Your task:
Using the records below, repeat exactly the lines from the one holding "#140=CARTESIAN_POINT('',(-0.375000000000002,-14.,3.));" through the one holding "#195=VERTEX_POINT('',#194);", both ends included, and no others.

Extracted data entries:
%%

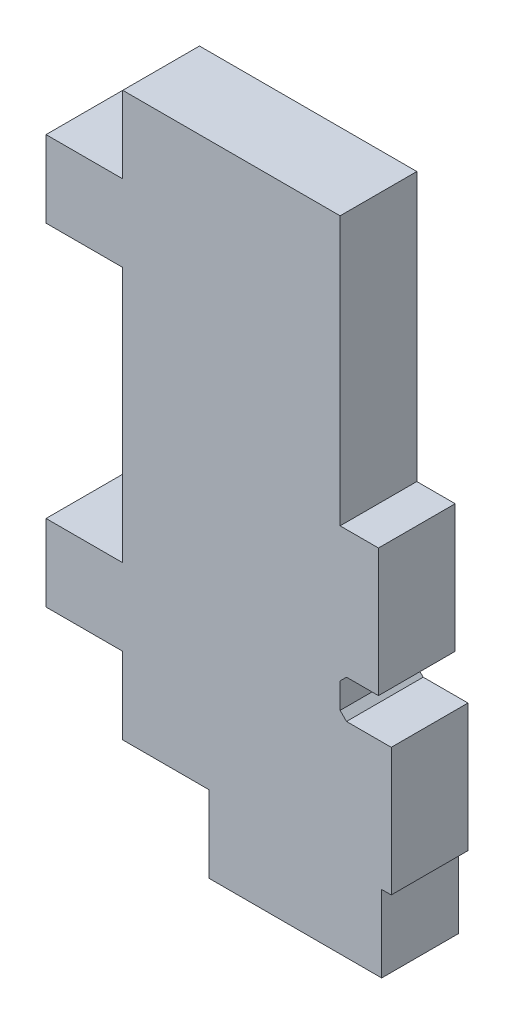
ISO-10303-21;
HEADER;
FILE_DESCRIPTION(('STEP AP214'),'2;1');
FILE_NAME('part.step','',(''),(''),'','','');
FILE_SCHEMA(('AUTOMOTIVE_DESIGN { 1 0 10303 214 1 1 1 1 }'));
ENDSEC;
DATA;
#1=APPLICATION_CONTEXT('core data for automotive mechanical design processes');
#2=APPLICATION_PROTOCOL_DEFINITION('international standard','automotive_design',2000,#1);
#3=PRODUCT_CONTEXT('',#1,'mechanical');
#4=PRODUCT('Part','Part','',(#3));
#5=PRODUCT_RELATED_PRODUCT_CATEGORY('part','',(#4));
#6=PRODUCT_DEFINITION_FORMATION('','',#4);
#7=PRODUCT_DEFINITION_CONTEXT('part definition',#1,'design');
#8=PRODUCT_DEFINITION('design','',#6,#7);
#9=PRODUCT_DEFINITION_SHAPE('','',#8);
#10=(LENGTH_UNIT() NAMED_UNIT(*) SI_UNIT(.MILLI.,.METRE.));
#11=(NAMED_UNIT(*) PLANE_ANGLE_UNIT() SI_UNIT($,.RADIAN.));
#12=(NAMED_UNIT(*) SI_UNIT($,.STERADIAN.) SOLID_ANGLE_UNIT());
#13=UNCERTAINTY_MEASURE_WITH_UNIT(LENGTH_MEASURE(1.E-05),#10,'distance_accuracy_value','');
#14=(GEOMETRIC_REPRESENTATION_CONTEXT(3) GLOBAL_UNCERTAINTY_ASSIGNED_CONTEXT((#13)) GLOBAL_UNIT_ASSIGNED_CONTEXT((#10,
#11,#12)) REPRESENTATION_CONTEXT('',''));
#15=CARTESIAN_POINT('',(0.,0.,0.));
#16=DIRECTION('',(0.,0.,1.));
#17=DIRECTION('',(1.,0.,0.));
#18=AXIS2_PLACEMENT_3D('',#15,#16,#17);
#19=CARTESIAN_POINT('',(0.,0.,3.));
#20=DIRECTION('',(0.,0.,1.));
#21=DIRECTION('',(1.,0.,0.));
#22=AXIS2_PLACEMENT_3D('',#19,#20,#21);
#23=PLANE('',#22);
#24=DIRECTION('',(-1.,0.,0.));
#25=VECTOR('',#24,1.);
#26=CARTESIAN_POINT('',(6.75,-4.5,3.));
#27=LINE('',#26,#25);
#28=CARTESIAN_POINT('',(6.25,-4.5,3.));
#29=VERTEX_POINT('',#28);
#30=CARTESIAN_POINT('',(5.,-4.5,3.));
#31=VERTEX_POINT('',#30);
#32=EDGE_CURVE('E204',#29,#31,#27,.T.);
#33=ORIENTED_EDGE('',*,*,#32,.F.);
#34=DIRECTION('',(0.,-1.,0.));
#35=VECTOR('',#34,1.);
#36=CARTESIAN_POINT('',(6.25,0.500000000000002,3.));
#37=LINE('',#36,#35);
#38=CARTESIAN_POINT('',(6.25,0.500000000000002,3.));
#39=VERTEX_POINT('',#38);
#40=EDGE_CURVE('E191',#39,#29,#37,.T.);
#41=ORIENTED_EDGE('',*,*,#40,.F.);
#42=DIRECTION('',(1.,0.,0.));
#43=VECTOR('',#42,1.);
#44=CARTESIAN_POINT('',(6.75,0.500000000000002,3.));
#45=LINE('',#44,#43);
#46=CARTESIAN_POINT('',(4.75,0.500000000000001,3.));
#47=VERTEX_POINT('',#46);
#48=EDGE_CURVE('E445',#47,#39,#45,.T.);
#49=ORIENTED_EDGE('',*,*,#48,.F.);
#50=DIRECTION('',(0.,-1.,0.));
#51=VECTOR('',#50,1.);
#52=CARTESIAN_POINT('',(4.75,11.,3.));
#53=LINE('',#52,#51);
#54=CARTESIAN_POINT('',(4.75,11.,3.));
#55=VERTEX_POINT('',#54);
#56=EDGE_CURVE('E434',#55,#47,#53,.T.);
#57=ORIENTED_EDGE('',*,*,#56,.F.);
#58=DIRECTION('',(-1.,0.,0.));
#59=VECTOR('',#58,1.);
#60=CARTESIAN_POINT('',(-3.75,11.,3.));
#61=LINE('',#60,#59);
#62=CARTESIAN_POINT('',(-3.75,11.,3.));
#63=VERTEX_POINT('',#62);
#64=EDGE_CURVE('E310',#55,#63,#61,.T.);
#65=ORIENTED_EDGE('',*,*,#64,.T.);
#66=DIRECTION('',(0.,-1.,0.));
#67=VECTOR('',#66,1.);
#68=CARTESIAN_POINT('',(-3.75,11.,3.));
#69=LINE('',#68,#67);
#70=CARTESIAN_POINT('',(-3.75,8.,3.));
#71=VERTEX_POINT('',#70);
#72=EDGE_CURVE('E314',#63,#71,#69,.T.);
#73=ORIENTED_EDGE('',*,*,#72,.T.);
#74=DIRECTION('',(1.,0.,0.));
#75=VECTOR('',#74,1.);
#76=CARTESIAN_POINT('',(-6.75,8.,3.));
#77=LINE('',#76,#75);
#78=CARTESIAN_POINT('',(-6.75,8.,3.));
#79=VERTEX_POINT('',#78);
#80=EDGE_CURVE('E243',#79,#71,#77,.T.);
#81=ORIENTED_EDGE('',*,*,#80,.F.);
#82=DIRECTION('',(0.,1.,0.));
#83=VECTOR('',#82,1.);
#84=CARTESIAN_POINT('',(-6.75,8.,3.));
#85=LINE('',#84,#83);
#86=CARTESIAN_POINT('',(-6.75,5.,3.));
#87=VERTEX_POINT('',#86);
#88=EDGE_CURVE('E232',#87,#79,#85,.T.);
#89=ORIENTED_EDGE('',*,*,#88,.F.);
#90=DIRECTION('',(1.,0.,0.));
#91=VECTOR('',#90,1.);
#92=CARTESIAN_POINT('',(-6.75,5.,3.));
#93=LINE('',#92,#91);
#94=CARTESIAN_POINT('',(-3.75,5.,3.));
#95=VERTEX_POINT('',#94);
#96=EDGE_CURVE('E246',#87,#95,#93,.T.);
#97=ORIENTED_EDGE('',*,*,#96,.T.);
#98=CARTESIAN_POINT('',(-3.75,-5.,3.));
#99=VERTEX_POINT('',#98);
#100=EDGE_CURVE('E318',#95,#99,#69,.T.);
#101=ORIENTED_EDGE('',*,*,#100,.T.);
#102=DIRECTION('',(1.,0.,0.));
#103=VECTOR('',#102,1.);
#104=CARTESIAN_POINT('',(-6.75,-5.,3.));
#105=LINE('',#104,#103);
#106=CARTESIAN_POINT('',(-6.75,-5.,3.));
#107=VERTEX_POINT('',#106);
#108=EDGE_CURVE('E270',#107,#99,#105,.T.);
#109=ORIENTED_EDGE('',*,*,#108,.F.);
#110=DIRECTION('',(0.,1.,0.));
#111=VECTOR('',#110,1.);
#112=CARTESIAN_POINT('',(-6.75,-8.,3.));
#113=LINE('',#112,#111);
#114=CARTESIAN_POINT('',(-6.75,-8.,3.));
#115=VERTEX_POINT('',#114);
#116=EDGE_CURVE('E259',#115,#107,#113,.T.);
#117=ORIENTED_EDGE('',*,*,#116,.F.);
#118=DIRECTION('',(1.,0.,0.));
#119=VECTOR('',#118,1.);
#120=CARTESIAN_POINT('',(-6.75,-8.,3.));
#121=LINE('',#120,#119);
#122=CARTESIAN_POINT('',(-3.75,-8.,3.));
#123=VERTEX_POINT('',#122);
#124=EDGE_CURVE('E273',#115,#123,#121,.T.);
#125=ORIENTED_EDGE('',*,*,#124,.T.);
#126=CARTESIAN_POINT('',(-3.75,-11.,3.));
#127=VERTEX_POINT('',#126);
#128=EDGE_CURVE('E313',#123,#127,#69,.T.);
#129=ORIENTED_EDGE('',*,*,#128,.T.);
#130=DIRECTION('',(1.,0.,0.));
#131=VECTOR('',#130,1.);
#132=CARTESIAN_POINT('',(-3.75,-11.,3.));
#133=LINE('',#132,#131);
#134=CARTESIAN_POINT('',(-0.375000000000001,-11.,3.));
#135=VERTEX_POINT('',#134);
#136=EDGE_CURVE('E319',#127,#135,#133,.T.);
#137=ORIENTED_EDGE('',*,*,#136,.T.);
#138=DIRECTION('',(0.,1.,0.));
#139=VECTOR('',#138,1.);
#140=CARTESIAN_POINT('',(-0.375000000000002,-14.,3.));
#141=LINE('',#140,#139);
#142=CARTESIAN_POINT('',(-0.375000000000002,-14.,3.));
#143=VERTEX_POINT('',#142);
#144=EDGE_CURVE('E290',#143,#135,#141,.T.);
#145=ORIENTED_EDGE('',*,*,#144,.F.);
#146=DIRECTION('',(-1.,0.,0.));
#147=VECTOR('',#146,1.);
#148=CARTESIAN_POINT('',(-0.375000000000002,-14.,3.));
#149=LINE('',#148,#147);
#150=CARTESIAN_POINT('',(6.375,-14.,3.));
#151=VERTEX_POINT('',#150);
#152=EDGE_CURVE('E288',#151,#143,#149,.T.);
#153=ORIENTED_EDGE('',*,*,#152,.F.);
#154=DIRECTION('',(0.,1.,0.));
#155=VECTOR('',#154,1.);
#156=CARTESIAN_POINT('',(6.375,-14.,3.));
#157=LINE('',#156,#155);
#158=CARTESIAN_POINT('',(6.375,-11.,3.));
#159=VERTEX_POINT('',#158);
#160=EDGE_CURVE('E297',#151,#159,#157,.T.);
#161=ORIENTED_EDGE('',*,*,#160,.T.);
#162=CARTESIAN_POINT('',(6.75,-11.,3.));
#163=VERTEX_POINT('',#162);
#164=EDGE_CURVE('E317',#159,#163,#133,.T.);
#165=ORIENTED_EDGE('',*,*,#164,.T.);
#166=DIRECTION('',(0.,1.,0.));
#167=VECTOR('',#166,1.);
#168=CARTESIAN_POINT('',(6.75,11.,3.));
#169=LINE('',#168,#167);
#170=CARTESIAN_POINT('',(6.75,-6.,3.));
#171=VERTEX_POINT('',#170);
#172=EDGE_CURVE('E307',#163,#171,#169,.T.);
#173=ORIENTED_EDGE('',*,*,#172,.T.);
#174=DIRECTION('',(1.,0.,0.));
#175=VECTOR('',#174,1.);
#176=CARTESIAN_POINT('',(6.75,-6.,3.));
#177=LINE('',#176,#175);
#178=CARTESIAN_POINT('',(5.,-6.,3.));
#179=VERTEX_POINT('',#178);
#180=EDGE_CURVE('E213',#179,#171,#177,.T.);
#181=ORIENTED_EDGE('',*,*,#180,.F.);
#182=DIRECTION('',(0.707106781186548,-0.707106781186548,0.));
#183=VECTOR('',#182,1.);
#184=CARTESIAN_POINT('',(5.,-6.,3.));
#185=LINE('',#184,#183);
#186=CARTESIAN_POINT('',(4.75,-5.75,3.));
#187=VERTEX_POINT('',#186);
#188=EDGE_CURVE('E41',#179,#187,#185,.F.);
#189=ORIENTED_EDGE('',*,*,#188,.T.);
#190=DIRECTION('',(0.,-1.,0.));
#191=VECTOR('',#190,1.);
#192=CARTESIAN_POINT('',(4.75,-4.5,3.));
#193=LINE('',#192,#191);
#194=CARTESIAN_POINT('',(4.75,-4.75,3.));
#195=VERTEX_POINT('',#194);
#196=EDGE_CURVE('E210',#195,#187,#193,.T.);
#197=ORIENTED_EDGE('',*,*,#196,.F.);
#198=DIRECTION('',(-0.707106781186548,-0.707106781186548,0.));
#199=VECTOR('',#198,1.);
#200=CARTESIAN_POINT('',(4.75,-4.75,3.));
#201=LINE('',#200,#199);
#202=EDGE_CURVE('E208',#195,#31,#201,.F.);
#203=ORIENTED_EDGE('',*,*,#202,.T.);
#204=EDGE_LOOP('',(#33,#41,#49,#57,#65,#73,#81,#89,#97,#101,#109,#117,#125,#129,#137,#145,#153,
#161,#165,#173,#181,#189,#197,#203));
#205=FACE_BOUND('',#204,.T.);
#206=ADVANCED_FACE('F33',(#205),#23,.T.);
#207=CARTESIAN_POINT('',(0.,0.,0.));
#208=DIRECTION('',(0.,0.,1.));
#209=DIRECTION('',(1.,0.,0.));
#210=AXIS2_PLACEMENT_3D('',#207,#208,#209);
#211=PLANE('',#210);
#212=DIRECTION('',(0.,1.,0.));
#213=VECTOR('',#212,1.);
#214=CARTESIAN_POINT('',(6.25,0.500000000000002,0.));
#215=LINE('',#214,#213);
#216=CARTESIAN_POINT('',(6.25,-4.5,0.));
#217=VERTEX_POINT('',#216);
#218=CARTESIAN_POINT('',(6.25,0.500000000000002,0.));
#219=VERTEX_POINT('',#218);
#220=EDGE_CURVE('E48',#217,#219,#215,.T.);
#221=ORIENTED_EDGE('',*,*,#220,.F.);
#222=DIRECTION('',(-1.,0.,0.));
#223=VECTOR('',#222,1.);
#224=CARTESIAN_POINT('',(6.75,-4.5,0.));
#225=LINE('',#224,#223);
#226=CARTESIAN_POINT('',(5.,-4.5,0.));
#227=VERTEX_POINT('',#226);
#228=EDGE_CURVE('E206',#217,#227,#225,.T.);
#229=ORIENTED_EDGE('',*,*,#228,.T.);
#230=DIRECTION('',(0.707106781186548,0.707106781186548,0.));
#231=VECTOR('',#230,1.);
#232=CARTESIAN_POINT('',(4.75,-4.75,0.));
#233=LINE('',#232,#231);
#234=CARTESIAN_POINT('',(4.75,-4.75,0.));
#235=VERTEX_POINT('',#234);
#236=EDGE_CURVE('E347',#227,#235,#233,.F.);
#237=ORIENTED_EDGE('',*,*,#236,.T.);
#238=DIRECTION('',(0.,-1.,0.));
#239=VECTOR('',#238,1.);
#240=CARTESIAN_POINT('',(4.75,-4.5,0.));
#241=LINE('',#240,#239);
#242=CARTESIAN_POINT('',(4.75,-5.75,0.));
#243=VERTEX_POINT('',#242);
#244=EDGE_CURVE('E358',#235,#243,#241,.T.);
#245=ORIENTED_EDGE('',*,*,#244,.T.);
#246=DIRECTION('',(-0.707106781186548,0.707106781186548,0.));
#247=VECTOR('',#246,1.);
#248=CARTESIAN_POINT('',(-0.499999999999999,-0.499999999999999,0.));
#249=LINE('',#248,#247);
#250=CARTESIAN_POINT('',(5.,-6.,0.));
#251=VERTEX_POINT('',#250);
#252=EDGE_CURVE('E11',#243,#251,#249,.F.);
#253=ORIENTED_EDGE('',*,*,#252,.T.);
#254=DIRECTION('',(1.,0.,0.));
#255=VECTOR('',#254,1.);
#256=CARTESIAN_POINT('',(6.75,-6.,0.));
#257=LINE('',#256,#255);
#258=CARTESIAN_POINT('',(6.75,-6.,0.));
#259=VERTEX_POINT('',#258);
#260=EDGE_CURVE('E218',#251,#259,#257,.T.);
#261=ORIENTED_EDGE('',*,*,#260,.T.);
#262=DIRECTION('',(0.,1.,0.));
#263=VECTOR('',#262,1.);
#264=CARTESIAN_POINT('',(6.75,11.,0.));
#265=LINE('',#264,#263);
#266=CARTESIAN_POINT('',(6.75,-11.,0.));
#267=VERTEX_POINT('',#266);
#268=EDGE_CURVE('E306',#267,#259,#265,.T.);
#269=ORIENTED_EDGE('',*,*,#268,.F.);
#270=DIRECTION('',(1.,0.,0.));
#271=VECTOR('',#270,1.);
#272=CARTESIAN_POINT('',(-3.75,-11.,0.));
#273=LINE('',#272,#271);
#274=CARTESIAN_POINT('',(6.375,-11.,0.));
#275=VERTEX_POINT('',#274);
#276=EDGE_CURVE('E330',#275,#267,#273,.T.);
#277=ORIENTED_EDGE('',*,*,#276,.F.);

%%

Exercise answer:
#140=CARTESIAN_POINT('',(-0.375000000000002,-14.,3.));
#141=LINE('',#140,#139);
#142=CARTESIAN_POINT('',(-0.375000000000002,-14.,3.));
#143=VERTEX_POINT('',#142);
#144=EDGE_CURVE('E290',#143,#135,#141,.T.);
#145=ORIENTED_EDGE('',*,*,#144,.F.);
#146=DIRECTION('',(-1.,0.,0.));
#147=VECTOR('',#146,1.);
#148=CARTESIAN_POINT('',(-0.375000000000002,-14.,3.));
#149=LINE('',#148,#147);
#150=CARTESIAN_POINT('',(6.375,-14.,3.));
#151=VERTEX_POINT('',#150);
#152=EDGE_CURVE('E288',#151,#143,#149,.T.);
#153=ORIENTED_EDGE('',*,*,#152,.F.);
#154=DIRECTION('',(0.,1.,0.));
#155=VECTOR('',#154,1.);
#156=CARTESIAN_POINT('',(6.375,-14.,3.));
#157=LINE('',#156,#155);
#158=CARTESIAN_POINT('',(6.375,-11.,3.));
#159=VERTEX_POINT('',#158);
#160=EDGE_CURVE('E297',#151,#159,#157,.T.);
#161=ORIENTED_EDGE('',*,*,#160,.T.);
#162=CARTESIAN_POINT('',(6.75,-11.,3.));
#163=VERTEX_POINT('',#162);
#164=EDGE_CURVE('E317',#159,#163,#133,.T.);
#165=ORIENTED_EDGE('',*,*,#164,.T.);
#166=DIRECTION('',(0.,1.,0.));
#167=VECTOR('',#166,1.);
#168=CARTESIAN_POINT('',(6.75,11.,3.));
#169=LINE('',#168,#167);
#170=CARTESIAN_POINT('',(6.75,-6.,3.));
#171=VERTEX_POINT('',#170);
#172=EDGE_CURVE('E307',#163,#171,#169,.T.);
#173=ORIENTED_EDGE('',*,*,#172,.T.);
#174=DIRECTION('',(1.,0.,0.));
#175=VECTOR('',#174,1.);
#176=CARTESIAN_POINT('',(6.75,-6.,3.));
#177=LINE('',#176,#175);
#178=CARTESIAN_POINT('',(5.,-6.,3.));
#179=VERTEX_POINT('',#178);
#180=EDGE_CURVE('E213',#179,#171,#177,.T.);
#181=ORIENTED_EDGE('',*,*,#180,.F.);
#182=DIRECTION('',(0.707106781186548,-0.707106781186548,0.));
#183=VECTOR('',#182,1.);
#184=CARTESIAN_POINT('',(5.,-6.,3.));
#185=LINE('',#184,#183);
#186=CARTESIAN_POINT('',(4.75,-5.75,3.));
#187=VERTEX_POINT('',#186);
#188=EDGE_CURVE('E41',#179,#187,#185,.F.);
#189=ORIENTED_EDGE('',*,*,#188,.T.);
#190=DIRECTION('',(0.,-1.,0.));
#191=VECTOR('',#190,1.);
#192=CARTESIAN_POINT('',(4.75,-4.5,3.));
#193=LINE('',#192,#191);
#194=CARTESIAN_POINT('',(4.75,-4.75,3.));
#195=VERTEX_POINT('',#194);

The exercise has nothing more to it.